# Providing Life Back to my Irrigation System



## murrayjm (Jun 17, 2020)

I haven't used my irrigation system in 15 years and I would like to get it going again. What steps should I began taking to get it working? I have six zones (4 to 5 heads per zone) and I have a general idea of where my valve box is located in the lawn but much like the sprinkler heads, it's all buried under overgrown grass & weeds.

I'm also considering getting a few quotes to have someone else get the system up and running.


----------



## The Walri (Nov 27, 2018)

@murrayjm - not sure I'm of any help here, but I'm getting ready to do the same with my system. we bought our home 7 years ago and it had a few yr old irrigation system that the previous owners didn't winterize when we bought the home and it burst the fitting below the PVB. Wasn't really into lawncare at the time so I didnt bother fixing it because of the price of the part. 7 years later i want to get it going... here's my plan.

1)buy/install new PVB (ordered)
2) Replace broken main irrigation line from the PVB to control box
2) replace the one garden bed sprinkler head I know I demolished when I got a little wide with the lawn tractor 
3) turn on and see if ANYTHING works and check for leaks
4) Remove furthest head on each zone (if i can identify) and flush lines for any debris
5) start troubleshooting/repairing heads and valves as needed.

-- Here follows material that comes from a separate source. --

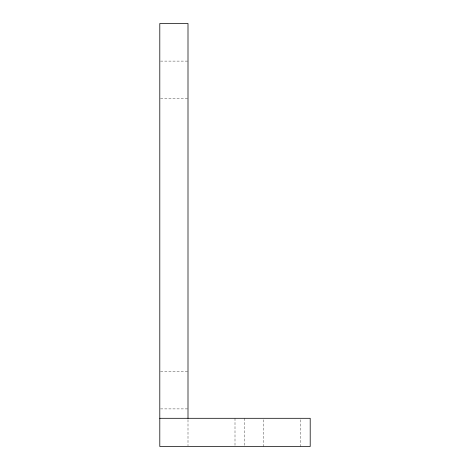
<?xml version="1.0" encoding="UTF-8"?>
<svg xmlns="http://www.w3.org/2000/svg" width="470" height="470" viewBox="0 0 470 470"><rect width="100%" height="100%" fill="white"/><g stroke="black" fill="none" stroke-linecap="round" stroke-linejoin="round"><path stroke-width="0.35" stroke-dasharray="2.35 1.76" d="M160.523 61.1L188 61.1M160.523 98.7L188 98.7M160.523 371.3L188 371.3M160.523 408.9L188 408.9M300.8 419.745L300.8 446.5M263.2 419.745L263.2 446.5M244.4 418.3L244.4 445.777M235 418.3L235 445.777M188 419.745L188 445.777"/><path stroke-width="0.7" d="M159.8 418.3L310.2 418.3L310.2 446.5L159.8 446.5L159.8 23.5L188 23.5L188 418.3"/></g></svg>

I'm going to start a lawn journal to document the trials and tribulations of getting it up and running again - good luck with your sytem!


----------



## murrayjm (Jun 17, 2020)

The Walri said:


> @murrayjm - not sure I'm of any help here, but I'm getting ready to do the same with my system. we bought our home 7 years ago and it had a few yr old irrigation system that the previous owners didn't winterize when we bought the home and it burst the fitting below the PVB. Wasn't really into lawncare at the time so I didnt bother fixing it because of the price of the part. 7 years later i want to get it going... here's my plan.
> 
> 1)buy/install new PVB (ordered)
> 2) Replace broken main irrigation line from the PVB to control box
> ...


Thanks for the feedback. Did you happen to turn the system on to locate the heads? That's my problem, I don't remember their location in the yard and I know they are covered by dirt and grass. Fortunately, I do remember winterizing the system before turning off. I located my valve box box by just walking the yard and tapping in the general location with a shovel.


----------



## The Walri (Nov 27, 2018)

I've never been able to turn the system on because of the burst pipe on the PVB backflow preventer...but that's my plan after I install the new PVB. Turn it on and hope that something comes up and starts spraying water. I know where two valve boxes are so if water doesn't come out I'll check for electrical connectivity at the valves to see if they're the issue.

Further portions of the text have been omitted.